Dikutip dari Kompas.com. Kapolri Jenderal Listyo Sigit Prabowo, sampai saat ini polisi telah mengamankan 23 terduga teroris, pasca-teror bom bunuh diri di depan Gereja Katedral, Makassar, Sulawesi Selatan, Minggu (28/3/2021).
Terduga teroris tersebut ditangkap di tiga daerah, yakni Makassar, Jakarta dan Bima (Nusa Tenggara Barat).
"Total hingga hari ini ada 23 orang dari tiga tempat tersebut. Dan ini akan terus kita kembangkan, kita usut sampai tuntas," kata Sigit, di Gedung Bareskrim, Mabes Polri, Jakarta, Rabu (31/3/2021) malam.
Sigit menjelaskan, sebanyak 13 terduga teroris ditangkap di Makassar. Salah satu tersangka berinisial W disebut sebagai perakit bom di Makassar.
Kemudian, polisi mengamankan lima terduga teroris di Jakarta.
"Dan di Bima, NTB, kita amankan lima," ujar Sigit.
Dari pemberitaan diatas ini pun memunculkan pertanyaan di benak Penulis, mengapa seakan-akan teroris tumbuh subur di Indonesia?
Ini menjadi keprihatinan tersendiri dikarenakan di kondisi Indonesia yang sedang susah payah melawan pandemi Covid-19 dan berupaya bangkit agar dapat hidup normal kembali justru keadaan seolah kian dipersulit dengan tidak kondusifnya situasi pasca teror yang terjadi belakangan ini.
Munculnya aksi-aksi teror yang meresahkan masyarakat setidaknya menandakan bahwasanya jaringan teroris di Indonesia masih eksis.
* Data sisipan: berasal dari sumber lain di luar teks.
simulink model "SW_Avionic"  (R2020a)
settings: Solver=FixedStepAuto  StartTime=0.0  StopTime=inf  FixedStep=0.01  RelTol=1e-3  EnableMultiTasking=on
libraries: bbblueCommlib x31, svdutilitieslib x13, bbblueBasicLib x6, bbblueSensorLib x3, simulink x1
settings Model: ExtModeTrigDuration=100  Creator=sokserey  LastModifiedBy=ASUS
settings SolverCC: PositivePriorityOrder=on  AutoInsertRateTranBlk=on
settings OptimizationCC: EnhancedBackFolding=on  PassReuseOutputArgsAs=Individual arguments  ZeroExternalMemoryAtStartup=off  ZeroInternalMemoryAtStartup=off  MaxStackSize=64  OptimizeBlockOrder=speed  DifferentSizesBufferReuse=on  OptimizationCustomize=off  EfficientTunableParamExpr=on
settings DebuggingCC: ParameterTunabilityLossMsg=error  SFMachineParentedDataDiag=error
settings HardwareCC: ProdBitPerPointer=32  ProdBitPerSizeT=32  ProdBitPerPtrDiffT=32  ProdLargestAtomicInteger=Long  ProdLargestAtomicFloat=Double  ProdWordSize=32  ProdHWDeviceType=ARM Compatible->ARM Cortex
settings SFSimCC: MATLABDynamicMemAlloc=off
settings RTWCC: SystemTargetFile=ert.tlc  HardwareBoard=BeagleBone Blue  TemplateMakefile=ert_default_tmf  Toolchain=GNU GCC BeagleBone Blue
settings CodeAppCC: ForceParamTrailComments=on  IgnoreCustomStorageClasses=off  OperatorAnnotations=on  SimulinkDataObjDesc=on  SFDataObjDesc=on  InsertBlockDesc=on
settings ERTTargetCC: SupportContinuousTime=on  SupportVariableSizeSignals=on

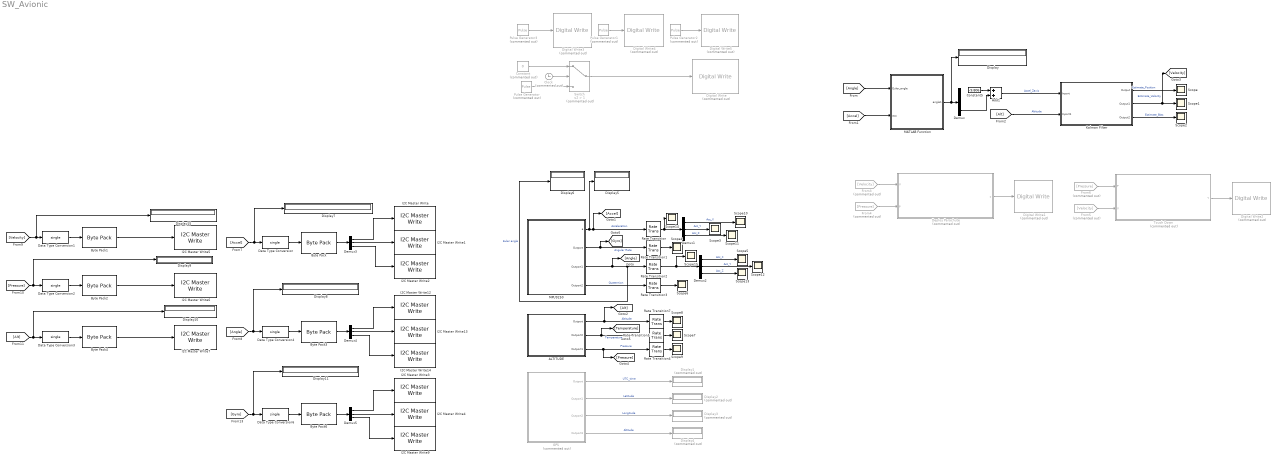
== system SW_Avionic ==
  "ALTITUDE " : Subsystem
  Add1 : Sum
  Byte Pack{,1..4,6} (6 alike) : svdutilitieslib/Byte Pack  maskPackedDataType=uint8  datatypes={'single'}  byteAlign=1  blockPlatform=arduinoert
      settings: SourceProductBaseCode=ARDUINO,ML_ARDUINO,ECCORTEXA,ECCORTEXR,SC_BEAGLEBONE_BLUE,EC_FREEDOM_BOARD,EC_FRDM_K64F,INTEL_BLOCKSET,MICROBIT,NUCLEO,PX4AUTOPILOTS,RASPPIIO,STMICRODIS,TIC2000,XILINX_BLOCKSET
  Clock : Clock  Commented=on
  Constant : Constant  Commented=on  Value=0
  Constant5 : Constant  Value=-9.806
  Data Type Conversion{,1..4,6} (6 alike) : DataTypeConversion  OutDataTypeStr=single
  Demux{,1..5} (6 alike) : Demux  Outputs=3
  "Deploy Parachute " : Stateflow chart  Commented=on  TreatAsAtomicUnit=on
  Digital Write : bbblueBasicLib/Digital Write  Commented=on  GPIOSelect=GPIO3_17  Pin=49  Direction=output
      settings: SourceProductBaseCode=SC_BEAGLEBONE_BLUE
  Digital Write1 : bbblueBasicLib/Digital Write  Commented=on  GPIOSelect=GPIO3_2  Pin=49  Direction=output
      settings: SourceProductBaseCode=SC_BEAGLEBONE_BLUE
  Digital Write2 : bbblueBasicLib/Digital Write  Commented=on  GPIOSelect=GPIO3_1  Pin=49  Direction=output
      settings: SourceProductBaseCode=SC_BEAGLEBONE_BLUE
  Digital Write3 : bbblueBasicLib/Digital Write  Commented=on  GPIOSelect=GPIO1_25  Pin=49  Direction=output
      settings: SourceProductBaseCode=SC_BEAGLEBONE_BLUE
  Digital Write4 : bbblueBasicLib/Digital Write  Commented=on  GPIOSelect=GPIO1_17  Pin=49  Direction=output
      settings: SourceProductBaseCode=SC_BEAGLEBONE_BLUE
  Digital Write5 : bbblueBasicLib/Digital Write  Commented=on  GPIOSelect=GPIO3_20  Pin=49  Direction=output
      settings: SourceProductBaseCode=SC_BEAGLEBONE_BLUE
  Display{,5..11,15} (9 alike) : Display
  Display{1..4} (4 alike) : Display  Commented=on
  From3 : From  Commented=on  GotoTag=Velocity
  From4 : From  Commented=on  GotoTag=Pressure
  From5 : From  Commented=on  GotoTag=Velocity
  From6 : From  Commented=on  GotoTag=Pressure
  GPS : Subsystem  Commented=on
  I2C Master Write{,1..7,9,12..14} (12 alike) : bbblueCommlib/I2C Master Write  I2CModule=1  Mode=Master  SlaveAddress=8  SlaveByteOrder=BigEndian  Direction=Transmitter  RegisterAddressMode=off  RegisterAddress=0  SlaveDataType=uint8  DataLength=1  NoAck=off  RepeatedStart=off  OutputStatus=off
      settings: SourceProductBaseCode=SC_BEAGLEBONE_BLUE
  "Kalman Filter " : Subsystem
  MATLAB Function : MATLAB Function  TreatAsAtomicUnit=on
  MPU9250 : Subsystem
  Pulse Generator : DiscretePulseGenerator  Commented=on  PulseType=Time based  Period=0.5  PulseWidth=50  VectorParams1D=off
  Pulse Generator1 : DiscretePulseGenerator  Commented=on  PulseType=Time based  Period=1  PulseWidth=33  PhaseDelay=0.33
  Pulse Generator2 : DiscretePulseGenerator  Commented=on  PulseType=Time based  Period=1  PulseWidth=33  PhaseDelay=0.66  VectorParams1D=off
  Pulse Generator3 : DiscretePulseGenerator  Commented=on  PulseType=Time based  Period=1  PulseWidth=33  VectorParams1D=off
  Rate Transition{,1..3} (4 alike) : RateTransition  OutPortSampleTime=0.01
  Rate Transition4 : RateTransition  OutPortSampleTime=0.1
  Rate Transition5 : RateTransition  OutPortSampleTime=0.1
  Rate Transition7 : RateTransition  OutPortSampleTime=0.1
  Scope{,1..15} (16 alike) : Scope
  Switch : Switch  Commented=on  Criteria=u2 > Threshold  Threshold=1
  "Touch Down " : Stateflow chart  Commented=on  TreatAsAtomicUnit=on
  wires:
  Clock/1 -> Switch/2
  Constant/1 -> Switch/1
  Pulse Generator/1 -> Switch/3
  Switch/1 -> Digital Write/1
  MPU9250/3(Outport1) -> Display6/1, Rate Transition2/1, [Angle]  "Euler angle"
  MPU9250/2(Outport) -> [Gyro], Rate Transition1/1  "Angular Rate"
  MPU9250/1(a) -> Rate Transition/1, [Accel], Display5/1  "Acceleration"
  MPU9250/4(Outport2) -> Rate Transition3/1  "Quaternion"
  "ALTITUDE "/3(Outport1) -> Rate Transition4/1, [Pressure]  "Pressure"
  Pulse Generator2/1 -> Digital Write5/1
  Pulse Generator1/1 -> Digital Write4/1
  Pulse Generator3/1 -> Digital Write3/1
  Constant5/1 -> Add1/1
  Add1/1 -> "Kalman Filter "/1(Inport)  "Accel_Zaxis"
  "Kalman Filter "/1(Output) -> Scope/1  "Estimate_Position"
  "Kalman Filter "/2(Output1) -> [Velocity], Scope1/1  "Estimate_Velocity"
  "Kalman Filter "/3(Output2) -> Scope2/1  "Estimate_Bias"
  [Angle] -> MATLAB Function/1(Euler_angle)
  [Accel] -> MATLAB Function/2(acc)
  MATLAB Function/1(angle1) -> Display/1, Demux/1
  Demux/3 -> Add1/2
  [Alt] -> "Kalman Filter "/2(Inport1)  "Altitude"
  GPS/1(Outport) -> Display1/1  "UTC_time"
  GPS/2(Outport1) -> Display2/1  "Latitude"
  GPS/3(Outport2) -> Display3/1  "Longitude"
  GPS/4(Outport3) -> Display4/1  "Altitude"
  Rate Transition1/1 -> Scope4/1
  Rate Transition3/1 -> Scope6/1
  Rate Transition7/1 -> Scope8/1
  Rate Transition5/1 -> Scope7/1
  Rate Transition4/1 -> Scope9/1
  "ALTITUDE "/1(Outport) -> [Alt], Rate Transition7/1  "Altitude"
  "ALTITUDE "/2(Outport2) -> [Temperature], Rate Transition5/1  "Temperature"
  "Deploy Parachute "/1(y) -> Digital Write1/1
  From3/1 -> "Deploy Parachute "/1(V)
  From4/1 -> "Deploy Parachute "/2(P)
  From5/1 -> "Touch Down "/2(V)
  From6/1 -> "Touch Down "/1(P)
  "Touch Down "/1(Y) -> Digital Write2/1
  Rate Transition/1 -> Scope14/1, Demux1/1
  Demux1/1 -> Scope10/1  "Acc_X"
  Demux1/2 -> Scope3/1  "Acc_Y"
  Demux1/3 -> Scope11/1  "Acc_Z"
  Rate Transition2/1 -> Scope15/1, Demux2/1
  Demux2/1 -> Scope5/1  "Acc_X"
  Demux2/3 -> Scope13/1  "Acc_Z"
  Demux2/2 -> Scope12/1  "Acc_Y"
  Demux3/3 -> I2C Master Write2/1
  Data Type Conversion4/1 -> Byte Pack3/1
  Byte Pack/1 -> Demux3/1
  Demux3/2 -> I2C Master Write1/1
  Demux4/3 -> I2C Master Write14/1
  Byte Pack3/1 -> Demux4/1
  Demux4/1 -> I2C Master Write12/1
  Demux4/2 -> I2C Master Write13/1
  Data Type Conversion/1 -> Byte Pack/1
  Demux3/1 -> I2C Master Write/1
  [Accel] -> Display7/1, Data Type Conversion/1
  [Angle] -> Display8/1, Data Type Conversion4/1
  Data Type Conversion1/1 -> Byte Pack1/1
  [Velocity] -> Display15/1, Data Type Conversion1/1
  Data Type Conversion2/1 -> Byte Pack2/1
  Byte Pack2/1 -> I2C Master Write6/1
  [Pressure] -> Display9/1, Data Type Conversion2/1
  Byte Pack4/1 -> I2C Master Write7/1
  [Alt] -> Display10/1, Data Type Conversion3/1
  Data Type Conversion3/1 -> Byte Pack4/1
  Byte Pack1/1 -> I2C Master Write5/1
  Demux5/1 -> I2C Master Write3/1
  [Gyro] -> Display11/1, Data Type Conversion6/1
  Byte Pack6/1 -> Demux5/1
  Demux5/2 -> I2C Master Write4/1
  Demux5/3 -> I2C Master Write9/1
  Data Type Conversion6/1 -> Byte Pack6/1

Dengan kata lain, propaganda atau doktrin yang menyesatkan individu agar mau melakukan tindakan keji masih berlangsung sekalipun pihak aparat berusaha menghalau pergerakan mereka maupun memberantas jaringan teroris hingga akar-akarnya.
Berbicara aksi teror maka tentu kita tak hanya sedang berbicara mengapa sampai ada individu yang terjerumus dan sampai tega mau melakukannya, akan tetapi dibalik itu apa yang menjadi trigger atau pemicu yang membuat para teroris nekat melancarkan aksinya?
Apakah aksi teror ini memberikan sinyal bahwa ada celah keamanan yang mengakibatkan kita kebobolan? Rasa-rasanya tidak.